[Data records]
--- --- ---
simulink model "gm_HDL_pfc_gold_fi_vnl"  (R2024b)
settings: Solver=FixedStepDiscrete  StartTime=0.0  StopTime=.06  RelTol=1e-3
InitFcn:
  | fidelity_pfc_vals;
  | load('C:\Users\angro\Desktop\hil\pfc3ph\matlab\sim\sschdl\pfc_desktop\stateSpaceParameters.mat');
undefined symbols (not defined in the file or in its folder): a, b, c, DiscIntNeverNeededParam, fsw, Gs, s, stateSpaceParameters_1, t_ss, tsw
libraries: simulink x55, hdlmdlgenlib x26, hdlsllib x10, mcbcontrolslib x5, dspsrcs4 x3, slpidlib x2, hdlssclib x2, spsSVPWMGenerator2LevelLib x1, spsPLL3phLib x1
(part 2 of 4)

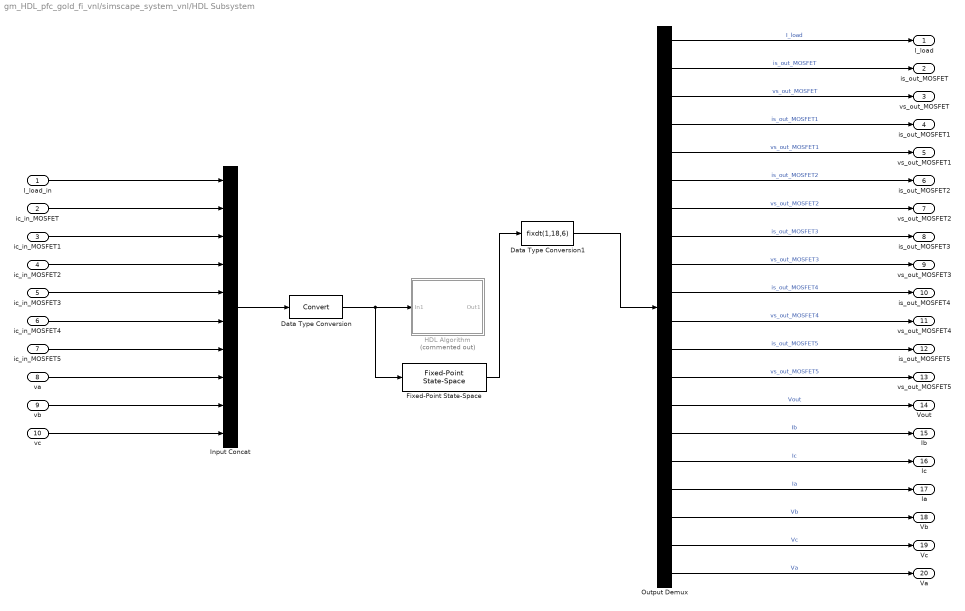
== system gm_HDL_pfc_gold_fi_vnl/simscape_system_vnl/HDL Subsystem ==
  I_load_in : Inport  OutDataTypeStr=fixdt(1,18,8)
  ic_in_MOSFET : Inport  Port=2  OutDataTypeStr=fixdt(1,18,8)
  ic_in_MOSFET1 : Inport  Port=3  OutDataTypeStr=fixdt(1,18,8)
  ic_in_MOSFET2 : Inport  Port=4  OutDataTypeStr=fixdt(1,18,8)
  ic_in_MOSFET3 : Inport  Port=5  OutDataTypeStr=fixdt(1,18,8)
  ic_in_MOSFET4 : Inport  Port=6  OutDataTypeStr=fixdt(1,18,8)
  ic_in_MOSFET5 : Inport  Port=7  OutDataTypeStr=fixdt(1,18,8)
  va : Inport  Port=8  OutDataTypeStr=fixdt(1,18,8)
  vb : Inport  Port=9  OutDataTypeStr=fixdt(1,18,8)
  vc : Inport  Port=10  OutDataTypeStr=fixdt(1,18,8)
  Data Type Conversion : DataTypeConversion  SaturateOnIntegerOverflow=off  RndMeth=Floor
  Data Type Conversion1 : DataTypeConversion  OutDataTypeStr=fixdt(1,18,6)  SaturateOnIntegerOverflow=off  RndMeth=Floor
  Fixed-Point State-Space : simulink/Additional Math & Discrete/Additional Discrete/Fixed-Point State-Space  A=fi(stateSpaceParameters_1.Ad,1,25,24)  B=fi(stateSpaceParameters_1.Bd,1,25,31)  C=fi(stateSpaceParameters_1.Cd,1,25,20)  D=fi(stateSpaceParameters_1.Dd,1,25,19)  InitialCondition=fi(stateSpaceParameters_1.X0,1,25,14)  InternalDataType=fixdt(1,25,13)  StateEqScaling=2^0  OutputEqScaling=2^0  DoSatur=off
  HDL Algorithm : Subsystem  Commented=on
  Input Concat : Concatenate  NumInputs=10
  Output Demux : Demux  Outputs=20
  I_load : Outport
  is_out_MOSFET : Outport  Port=2
  vs_out_MOSFET : Outport  Port=3
  is_out_MOSFET1 : Outport  Port=4
  vs_out_MOSFET1 : Outport  Port=5
  is_out_MOSFET2 : Outport  Port=6
  vs_out_MOSFET2 : Outport  Port=7
  is_out_MOSFET3 : Outport  Port=8
  vs_out_MOSFET3 : Outport  Port=9
  is_out_MOSFET4 : Outport  Port=10
  vs_out_MOSFET4 : Outport  Port=11
  is_out_MOSFET5 : Outport  Port=12
  vs_out_MOSFET5 : Outport  Port=13
  Vout : Outport  Port=14
  Ib : Outport  Port=15
  Ic : Outport  Port=16
  Ia : Outport  Port=17
  Vb : Outport  Port=18
  Vc : Outport  Port=19
  Va : Outport  Port=20
  wires:
  Fixed-Point State-Space/1 -> Data Type Conversion1/1
  Data Type Conversion/1 -> HDL Algorithm/1(In1), Fixed-Point State-Space/1
  Data Type Conversion1/1 -> Output Demux/1
  ic_in_MOSFET4/1 -> Input Concat/6
  va/1 -> Input Concat/8
  ic_in_MOSFET5/1 -> Input Concat/7
  ic_in_MOSFET2/1 -> Input Concat/4
  ic_in_MOSFET3/1 -> Input Concat/5
  I_load_in/1 -> Input Concat/1
  ic_in_MOSFET1/1 -> Input Concat/3
  vb/1 -> Input Concat/9
  Output Demux/20 -> Va/1  "Va"
  Output Demux/18 -> Vb/1  "Vb"
  Output Demux/19 -> Vc/1  "Vc"
  Output Demux/16 -> Ic/1  "Ic"
  Output Demux/14 -> Vout/1  "Vout"
  Output Demux/11 -> vs_out_MOSFET4/1  "vs_out_MOSFET4"
  Output Demux/9 -> vs_out_MOSFET3/1  "vs_out_MOSFET3"
  Output Demux/10 -> is_out_MOSFET4/1  "is_out_MOSFET4"
  Output Demux/12 -> is_out_MOSFET5/1  "is_out_MOSFET5"
  Output Demux/5 -> vs_out_MOSFET1/1  "vs_out_MOSFET1"
  Output Demux/13 -> vs_out_MOSFET5/1  "vs_out_MOSFET5"
  Output Demux/15 -> Ib/1  "Ib"
  Output Demux/8 -> is_out_MOSFET3/1  "is_out_MOSFET3"
  Output Demux/6 -> is_out_MOSFET2/1  "is_out_MOSFET2"
  vc/1 -> Input Concat/10
  Output Demux/1 -> I_load/1  "I_load"
  Output Demux/17 -> Ia/1  "Ia"
  Input Concat/1 -> Data Type Conversion/1
  ic_in_MOSFET/1 -> Input Concat/2
  Output Demux/4 -> is_out_MOSFET1/1  "is_out_MOSFET1"
  Output Demux/3 -> vs_out_MOSFET/1  "vs_out_MOSFET"
  Output Demux/2 -> is_out_MOSFET/1  "is_out_MOSFET"
  Output Demux/7 -> vs_out_MOSFET2/1  "vs_out_MOSFET2"

== system gm_HDL_pfc_gold_fi_vnl/Subsystem1/ctrl_pwm/PI_CTRL ==
  id : Inport
  iq : Inport  Port=2
  Add3 : Sum  Inputs=+-
  Add4 : Sum  Inputs=+-
  Constant : Constant  Value=0  SampleTime=t_ss
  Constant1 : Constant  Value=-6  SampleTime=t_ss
--- --- ---
(Task details):
Reproduce each line from the data that has "Value" in it.

(Task response):
  Constant : Constant  Value=0  SampleTime=t_ss
  Constant1 : Constant  Value=-6  SampleTime=t_ss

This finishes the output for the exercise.